In this tutorial, we will: (1) illuminate the present and imminent UAV applications, delving into their complexities, (2) highlight real-world case studies, demonstrating the transformative power of airborne computing in reshaping UAV functionalities, (3) reveal essential design strategies, meticulously crafted for the upcoming generation of UAV systems enriched with airborne computing capabilities, (4) present our cutting-edge UAV-based airborne computing platform, along with our most recent prototype, and (5) explore pioneering UAV functions, encompassing reinforcement-learning guided antenna positioning, coding-driven distributed computing and federated learning, software-defined radio-powered cellular base stations, and deep learning- enhanced object detection.

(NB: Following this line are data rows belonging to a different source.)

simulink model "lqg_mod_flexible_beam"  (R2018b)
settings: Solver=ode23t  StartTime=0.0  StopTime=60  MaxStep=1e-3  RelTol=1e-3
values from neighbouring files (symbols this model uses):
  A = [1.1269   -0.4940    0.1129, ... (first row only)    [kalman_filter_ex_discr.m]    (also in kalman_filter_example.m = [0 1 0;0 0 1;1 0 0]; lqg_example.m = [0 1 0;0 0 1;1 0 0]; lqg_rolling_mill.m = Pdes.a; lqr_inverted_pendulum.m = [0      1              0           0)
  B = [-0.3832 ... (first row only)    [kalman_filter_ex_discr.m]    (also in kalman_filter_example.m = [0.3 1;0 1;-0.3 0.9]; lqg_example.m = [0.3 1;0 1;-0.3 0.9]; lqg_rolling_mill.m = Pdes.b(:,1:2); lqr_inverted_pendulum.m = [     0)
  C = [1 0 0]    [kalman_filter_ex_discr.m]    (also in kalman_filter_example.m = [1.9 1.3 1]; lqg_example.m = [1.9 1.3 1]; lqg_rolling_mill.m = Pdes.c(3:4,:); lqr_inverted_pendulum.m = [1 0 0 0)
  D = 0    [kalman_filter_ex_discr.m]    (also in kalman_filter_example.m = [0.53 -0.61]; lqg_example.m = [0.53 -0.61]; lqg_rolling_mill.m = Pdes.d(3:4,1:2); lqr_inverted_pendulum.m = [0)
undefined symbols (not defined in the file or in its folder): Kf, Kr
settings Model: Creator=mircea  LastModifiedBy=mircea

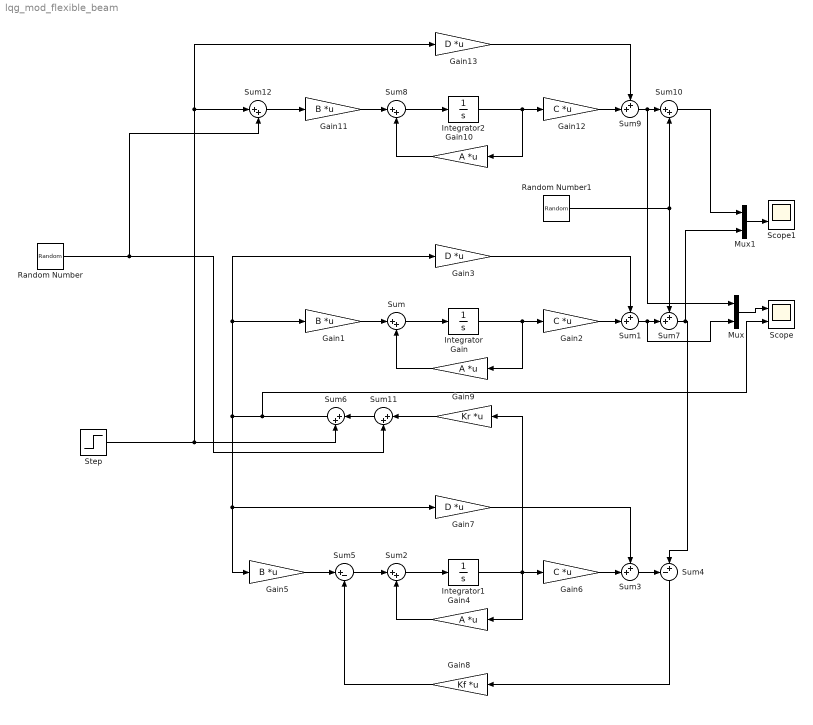
== system lqg_mod_flexible_beam ==
  Gain : Gain  Gain=A  Multiplication=Matrix(K*u) (u vector)
  Gain1 : Gain  Gain=B  Multiplication=Matrix(K*u) (u vector)
  Gain10 : Gain  Gain=A  Multiplication=Matrix(K*u) (u vector)
  Gain11 : Gain  Gain=B  Multiplication=Matrix(K*u) (u vector)
  Gain12 : Gain  Gain=C  Multiplication=Matrix(K*u) (u vector)
  Gain13 : Gain  Gain=D  Multiplication=Matrix(K*u) (u vector)
  Gain2 : Gain  Gain=C  Multiplication=Matrix(K*u) (u vector)
  Gain3 : Gain  Gain=D  Multiplication=Matrix(K*u) (u vector)
  Gain4 : Gain  Gain=A  Multiplication=Matrix(K*u) (u vector)
  Gain5 : Gain  Gain=B  Multiplication=Matrix(K*u) (u vector)
  Gain6 : Gain  Gain=C  Multiplication=Matrix(K*u) (u vector)
  Gain7 : Gain  Gain=D  Multiplication=Matrix(K*u) (u vector)
  Gain8 : Gain  Gain=Kf  Multiplication=Matrix(K*u) (u vector)
  Gain9 : Gain  Gain=Kr  Multiplication=Matrix(K*u) (u vector)
  Integrator : Integrator
  Integrator1 : Integrator
  Integrator2 : Integrator
  Mux : Mux  Inputs=2
  Mux1 : Mux  Inputs=2
  Random Number : RandomNumber  SampleTime=0.01
  Random Number1 : RandomNumber  Variance=0.01  SampleTime=0.001
  Scope : Scope  NumInputPorts=2
  Scope1 : Scope  NumInputPorts=2
  Step : Step  Time=0  SampleTime=0
  Sum{,2,6,8,10..12} (7 alike) : Sum  Inputs=|++
  Sum{1,3,7,9} (4 alike) : Sum  Inputs=++|
  Sum4 : Sum  Inputs=-+|
  Sum5 : Sum  Inputs=|+-
  wires:
  Mux/1 -> Scope/1
  Sum/1 -> Integrator/1
  Gain/1 -> Sum/2
  Integrator/1 -> Gain2/1, Gain/1
  Gain1/1 -> Sum/1
  Gain2/1 -> Sum1/2
  Gain3/1 -> Sum1/1
  Gain6/1 -> Sum3/2
  Sum2/1 -> Integrator1/1
  Gain7/1 -> Sum3/1
  Gain4/1 -> Sum2/2
  Integrator1/1 -> Gain9/1, Gain6/1, Gain4/1
  Sum3/1 -> Sum4/1
  Sum4/1 -> Gain8/1
  Sum5/1 -> Sum2/1
  Gain5/1 -> Sum5/1
  Gain8/1 -> Sum5/2
  Gain12/1 -> Sum9/2
  Gain10/1 -> Sum8/2
  Integrator2/1 -> Gain12/1, Gain10/1
  Step/1 -> Sum12/1, Gain13/1, Sum6/2
  Sum8/1 -> Integrator2/1
  Gain13/1 -> Sum9/1
  Gain11/1 -> Sum8/1
  Sum9/1 -> Mux/1, Sum10/1
  Sum11/1 -> Sum6/1
  Gain9/1 -> Sum11/1
  Sum7/1 -> Mux1/2, Sum4/2
  Sum1/1 -> Mux/2, Sum7/2
  Sum12/1 -> Gain11/1
  Random Number/1 -> Sum11/2, Sum12/2
  Random Number1/1 -> Sum7/1, Sum10/2
  Sum6/1 -> Scope/2, Gain7/1, Gain5/1, Gain3/1, Gain1/1
  Mux1/1 -> Scope1/2
  Sum10/1 -> Mux1/1

As we draw to a close, we will pave the way for an interactive discussion on the lingering challenges and the expansive future prospects in UAV-based airborne computing. Embark on this enlightening odyssey with us, as we chart the course for the next frontier in UAV systems.

 

Co-organizer’s Bios:

Kejie Lu

Dr. Kejie Lu is a professor in the Department of Computer Science and Engineering, at the University of Puerto Rico at Mayagüez (UPRM). He received his Ph.D. degree in Electrical Engineering from the University of Texas at Dallas in 2003. Since July 2005, he has been a faculty member at UPRM. His research interests include architecture and protocol design for computer and communication networks, cyber-physical systems, network-based computing, and network testbed development.

Yan Wan

Dr. Yan Wan is currently a Distinguished University Professor in the Electrical Engineering Department at the University of Texas at Arlington. She received her Ph.D. degree in Electrical Engineering from Washington State University in 2009. Her research interests lie in developing fundamental theories and tools for the modeling, evaluation, and control tasks in large scale dynamic networks and cyber-physical systems, and their applications to urban aerial mobility, autonomous driving, robot networking, and air traffic management.

Shengli Fu

Dr. Shengli Fu is currently a professor and the Chair in the Department of Electrical Engineering, University of North Texas (UNT), Denton, TX. He received his Ph.D. degree in Electrical Engineering from the University of Delaware, Newark, DE, in 2005, before he joined UNT. His research interests include coding and information theory, wireless communications and sensor networks, aerial networks, and drone systems design.

Junfei Xie

Dr. Junfei Xie is an Associate Professor in the Electrical and Computer Engineering Department at the San Diego State University. She received her Ph.D. degree in Computer Science and Engineering in 2016 from the University of North Texas. Her current research interests include distributed computing, airborne networks, unmanned systems, spatiotemporal data mining, dynamical system modeling and control, and complex information systems.